REQUIRED ACTION: Return every entry below word for word and leave out any picture.

PROVIDED DATA:
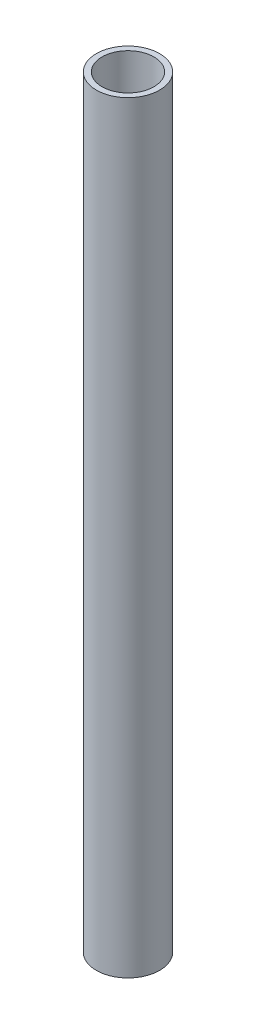
ISO-10303-21;
HEADER;
FILE_DESCRIPTION(('STEP AP214'),'2;1');
FILE_NAME('part.step','',(''),(''),'','','');
FILE_SCHEMA(('AUTOMOTIVE_DESIGN { 1 0 10303 214 1 1 1 1 }'));
ENDSEC;
DATA;
#1=APPLICATION_CONTEXT('core data for automotive mechanical design processes');
#2=APPLICATION_PROTOCOL_DEFINITION('international standard','automotive_design',2000,#1);
#3=PRODUCT_CONTEXT('',#1,'mechanical');
#4=PRODUCT('Part','Part','',(#3));
#5=PRODUCT_RELATED_PRODUCT_CATEGORY('part','',(#4));
#6=PRODUCT_DEFINITION_FORMATION('','',#4);
#7=PRODUCT_DEFINITION_CONTEXT('part definition',#1,'design');
#8=PRODUCT_DEFINITION('design','',#6,#7);
#9=PRODUCT_DEFINITION_SHAPE('','',#8);
#10=(LENGTH_UNIT() NAMED_UNIT(*) SI_UNIT(.MILLI.,.METRE.));
#11=(NAMED_UNIT(*) PLANE_ANGLE_UNIT() SI_UNIT($,.RADIAN.));
#12=(NAMED_UNIT(*) SI_UNIT($,.STERADIAN.) SOLID_ANGLE_UNIT());
#13=UNCERTAINTY_MEASURE_WITH_UNIT(LENGTH_MEASURE(1.E-05),#10,'distance_accuracy_value','');
#14=(GEOMETRIC_REPRESENTATION_CONTEXT(3) GLOBAL_UNCERTAINTY_ASSIGNED_CONTEXT((#13)) GLOBAL_UNIT_ASSIGNED_CONTEXT((#10,
#11,#12)) REPRESENTATION_CONTEXT('',''));
#15=CARTESIAN_POINT('',(0.,0.,0.));
#16=DIRECTION('',(0.,0.,1.));
#17=DIRECTION('',(1.,0.,0.));
#18=AXIS2_PLACEMENT_3D('',#15,#16,#17);
#19=CARTESIAN_POINT('',(0.,0.,0.));
#20=DIRECTION('',(0.,1.,0.));
#21=DIRECTION('',(0.,0.,1.));
#22=AXIS2_PLACEMENT_3D('',#19,#20,#21);
#23=CYLINDRICAL_SURFACE('',#22,17.272);
#24=CARTESIAN_POINT('',(0.,508.,0.));
#25=DIRECTION('',(0.,1.,0.));
#26=DIRECTION('',(0.,0.,1.));
#27=AXIS2_PLACEMENT_3D('',#24,#25,#26);
#28=CIRCLE('',#27,17.272);
#29=CARTESIAN_POINT('',(0.,508.,17.272));
#30=VERTEX_POINT('',#29);
#31=EDGE_CURVE('E18',#30,#30,#28,.F.);
#32=ORIENTED_EDGE('',*,*,#31,.F.);
#33=EDGE_LOOP('',(#32));
#34=FACE_BOUND('',#33,.T.);
#35=CARTESIAN_POINT('',(0.,0.,0.));
#36=DIRECTION('',(0.,1.,0.));
#37=DIRECTION('',(0.,0.,1.));
#38=AXIS2_PLACEMENT_3D('',#35,#36,#37);
#39=CIRCLE('',#38,17.272);
#40=CARTESIAN_POINT('',(0.,0.,17.272));
#41=VERTEX_POINT('',#40);
#42=EDGE_CURVE('E27',#41,#41,#39,.F.);
#43=ORIENTED_EDGE('',*,*,#42,.T.);
#44=EDGE_LOOP('',(#43));
#45=FACE_BOUND('',#44,.T.);
#46=ADVANCED_FACE('F15',(#34,#45),#23,.F.);
#47=CARTESIAN_POINT('',(0.,508.,0.));
#48=DIRECTION('',(0.,1.,0.));
#49=DIRECTION('',(0.,0.,1.));
#50=AXIS2_PLACEMENT_3D('',#47,#48,#49);
#51=PLANE('',#50);
#52=ORIENTED_EDGE('',*,*,#31,.T.);
#53=EDGE_LOOP('',(#52));
#54=FACE_BOUND('',#53,.T.);
#55=CARTESIAN_POINT('',(0.,508.,0.));
#56=DIRECTION('',(0.,1.,0.));
#57=DIRECTION('',(0.,0.,1.));
#58=AXIS2_PLACEMENT_3D('',#55,#56,#57);
#59=CIRCLE('',#58,21.082);
#60=CARTESIAN_POINT('',(0.,508.,21.082));
#61=VERTEX_POINT('',#60);
#62=EDGE_CURVE('E22',#61,#61,#59,.F.);
#63=ORIENTED_EDGE('',*,*,#62,.F.);
#64=EDGE_LOOP('',(#63));
#65=FACE_BOUND('',#64,.T.);
#66=ADVANCED_FACE('F35',(#54,#65),#51,.T.);
#67=CARTESIAN_POINT('',(0.,0.,0.));
#68=DIRECTION('',(0.,1.,0.));
#69=DIRECTION('',(0.,0.,1.));
#70=AXIS2_PLACEMENT_3D('',#67,#68,#69);
#71=PLANE('',#70);
#72=ORIENTED_EDGE('',*,*,#42,.F.);
#73=EDGE_LOOP('',(#72));
#74=FACE_BOUND('',#73,.T.);
#75=CARTESIAN_POINT('',(0.,0.,0.));
#76=DIRECTION('',(0.,1.,0.));
#77=DIRECTION('',(0.,0.,1.));
#78=AXIS2_PLACEMENT_3D('',#75,#76,#77);
#79=CIRCLE('',#78,21.082);
#80=CARTESIAN_POINT('',(0.,0.,21.082));
#81=VERTEX_POINT('',#80);
#82=EDGE_CURVE('E10',#81,#81,#79,.T.);
#83=ORIENTED_EDGE('',*,*,#82,.F.);
#84=EDGE_LOOP('',(#83));
#85=FACE_BOUND('',#84,.T.);
#86=ADVANCED_FACE('F43',(#74,#85),#71,.F.);
#87=CARTESIAN_POINT('',(0.,0.,0.));
#88=DIRECTION('',(0.,1.,0.));
#89=DIRECTION('',(0.,0.,1.));
#90=AXIS2_PLACEMENT_3D('',#87,#88,#89);
#91=CYLINDRICAL_SURFACE('',#90,21.082);
#92=ORIENTED_EDGE('',*,*,#62,.T.);
#93=EDGE_LOOP('',(#92));
#94=FACE_BOUND('',#93,.T.);
#95=ORIENTED_EDGE('',*,*,#82,.T.);
#96=EDGE_LOOP('',(#95));
#97=FACE_BOUND('',#96,.T.);
#98=ADVANCED_FACE('F44',(#94,#97),#91,.T.);
#99=CLOSED_SHELL('',(#46,#66,#86,#98));
#100=MANIFOLD_SOLID_BREP('B1',#99);
#101=ADVANCED_BREP_SHAPE_REPRESENTATION('',(#18,#100),#14);
#102=SHAPE_DEFINITION_REPRESENTATION(#9,#101);
ENDSEC;
END-ISO-10303-21;

SOLUTION TO THIS PROBLEM:
ISO-10303-21;
HEADER;
FILE_DESCRIPTION(('STEP AP214'),'2;1');
FILE_NAME('part.step','',(''),(''),'','','');
FILE_SCHEMA(('AUTOMOTIVE_DESIGN { 1 0 10303 214 1 1 1 1 }'));
ENDSEC;
DATA;
#1=APPLICATION_CONTEXT('core data for automotive mechanical design processes');
#2=APPLICATION_PROTOCOL_DEFINITION('international standard','automotive_design',2000,#1);
#3=PRODUCT_CONTEXT('',#1,'mechanical');
#4=PRODUCT('Part','Part','',(#3));
#5=PRODUCT_RELATED_PRODUCT_CATEGORY('part','',(#4));
#6=PRODUCT_DEFINITION_FORMATION('','',#4);
#7=PRODUCT_DEFINITION_CONTEXT('part definition',#1,'design');
#8=PRODUCT_DEFINITION('design','',#6,#7);
#9=PRODUCT_DEFINITION_SHAPE('','',#8);
#10=(LENGTH_UNIT() NAMED_UNIT(*) SI_UNIT(.MILLI.,.METRE.));
#11=(NAMED_UNIT(*) PLANE_ANGLE_UNIT() SI_UNIT($,.RADIAN.));
#12=(NAMED_UNIT(*) SI_UNIT($,.STERADIAN.) SOLID_ANGLE_UNIT());
#13=UNCERTAINTY_MEASURE_WITH_UNIT(LENGTH_MEASURE(1.E-05),#10,'distance_accuracy_value','');
#14=(GEOMETRIC_REPRESENTATION_CONTEXT(3) GLOBAL_UNCERTAINTY_ASSIGNED_CONTEXT((#13)) GLOBAL_UNIT_ASSIGNED_CONTEXT((#10,
#11,#12)) REPRESENTATION_CONTEXT('',''));
#15=CARTESIAN_POINT('',(0.,0.,0.));
#16=DIRECTION('',(0.,0.,1.));
#17=DIRECTION('',(1.,0.,0.));
#18=AXIS2_PLACEMENT_3D('',#15,#16,#17);
#19=CARTESIAN_POINT('',(0.,0.,0.));
#20=DIRECTION('',(0.,1.,0.));
#21=DIRECTION('',(0.,0.,1.));
#22=AXIS2_PLACEMENT_3D('',#19,#20,#21);
#23=CYLINDRICAL_SURFACE('',#22,17.272);
#24=CARTESIAN_POINT('',(0.,508.,0.));
#25=DIRECTION('',(0.,1.,0.));
#26=DIRECTION('',(0.,0.,1.));
#27=AXIS2_PLACEMENT_3D('',#24,#25,#26);
#28=CIRCLE('',#27,17.272);
#29=CARTESIAN_POINT('',(0.,508.,17.272));
#30=VERTEX_POINT('',#29);
#31=EDGE_CURVE('E18',#30,#30,#28,.F.);
#32=ORIENTED_EDGE('',*,*,#31,.F.);
#33=EDGE_LOOP('',(#32));
#34=FACE_BOUND('',#33,.T.);
#35=CARTESIAN_POINT('',(0.,0.,0.));
#36=DIRECTION('',(0.,1.,0.));
#37=DIRECTION('',(0.,0.,1.));
#38=AXIS2_PLACEMENT_3D('',#35,#36,#37);
#39=CIRCLE('',#38,17.272);
#40=CARTESIAN_POINT('',(0.,0.,17.272));
#41=VERTEX_POINT('',#40);
#42=EDGE_CURVE('E27',#41,#41,#39,.F.);
#43=ORIENTED_EDGE('',*,*,#42,.T.);
#44=EDGE_LOOP('',(#43));
#45=FACE_BOUND('',#44,.T.);
#46=ADVANCED_FACE('F15',(#34,#45),#23,.F.);
#47=CARTESIAN_POINT('',(0.,508.,0.));
#48=DIRECTION('',(0.,1.,0.));
#49=DIRECTION('',(0.,0.,1.));
#50=AXIS2_PLACEMENT_3D('',#47,#48,#49);
#51=PLANE('',#50);
#52=ORIENTED_EDGE('',*,*,#31,.T.);
#53=EDGE_LOOP('',(#52));
#54=FACE_BOUND('',#53,.T.);
#55=CARTESIAN_POINT('',(0.,508.,0.));
#56=DIRECTION('',(0.,1.,0.));
#57=DIRECTION('',(0.,0.,1.));
#58=AXIS2_PLACEMENT_3D('',#55,#56,#57);
#59=CIRCLE('',#58,21.082);
#60=CARTESIAN_POINT('',(0.,508.,21.082));
#61=VERTEX_POINT('',#60);
#62=EDGE_CURVE('E22',#61,#61,#59,.F.);
#63=ORIENTED_EDGE('',*,*,#62,.F.);
#64=EDGE_LOOP('',(#63));
#65=FACE_BOUND('',#64,.T.);
#66=ADVANCED_FACE('F35',(#54,#65),#51,.T.);
#67=CARTESIAN_POINT('',(0.,0.,0.));
#68=DIRECTION('',(0.,1.,0.));
#69=DIRECTION('',(0.,0.,1.));
#70=AXIS2_PLACEMENT_3D('',#67,#68,#69);
#71=PLANE('',#70);
#72=ORIENTED_EDGE('',*,*,#42,.F.);
#73=EDGE_LOOP('',(#72));
#74=FACE_BOUND('',#73,.T.);
#75=CARTESIAN_POINT('',(0.,0.,0.));
#76=DIRECTION('',(0.,1.,0.));
#77=DIRECTION('',(0.,0.,1.));
#78=AXIS2_PLACEMENT_3D('',#75,#76,#77);
#79=CIRCLE('',#78,21.082);
#80=CARTESIAN_POINT('',(0.,0.,21.082));
#81=VERTEX_POINT('',#80);
#82=EDGE_CURVE('E10',#81,#81,#79,.T.);
#83=ORIENTED_EDGE('',*,*,#82,.F.);
#84=EDGE_LOOP('',(#83));
#85=FACE_BOUND('',#84,.T.);
#86=ADVANCED_FACE('F43',(#74,#85),#71,.F.);
#87=CARTESIAN_POINT('',(0.,0.,0.));
#88=DIRECTION('',(0.,1.,0.));
#89=DIRECTION('',(0.,0.,1.));
#90=AXIS2_PLACEMENT_3D('',#87,#88,#89);
#91=CYLINDRICAL_SURFACE('',#90,21.082);
#92=ORIENTED_EDGE('',*,*,#62,.T.);
#93=EDGE_LOOP('',(#92));
#94=FACE_BOUND('',#93,.T.);
#95=ORIENTED_EDGE('',*,*,#82,.T.);
#96=EDGE_LOOP('',(#95));
#97=FACE_BOUND('',#96,.T.);
#98=ADVANCED_FACE('F44',(#94,#97),#91,.T.);
#99=CLOSED_SHELL('',(#46,#66,#86,#98));
#100=MANIFOLD_SOLID_BREP('B1',#99);
#101=ADVANCED_BREP_SHAPE_REPRESENTATION('',(#18,#100),#14);
#102=SHAPE_DEFINITION_REPRESENTATION(#9,#101);
ENDSEC;
END-ISO-10303-21;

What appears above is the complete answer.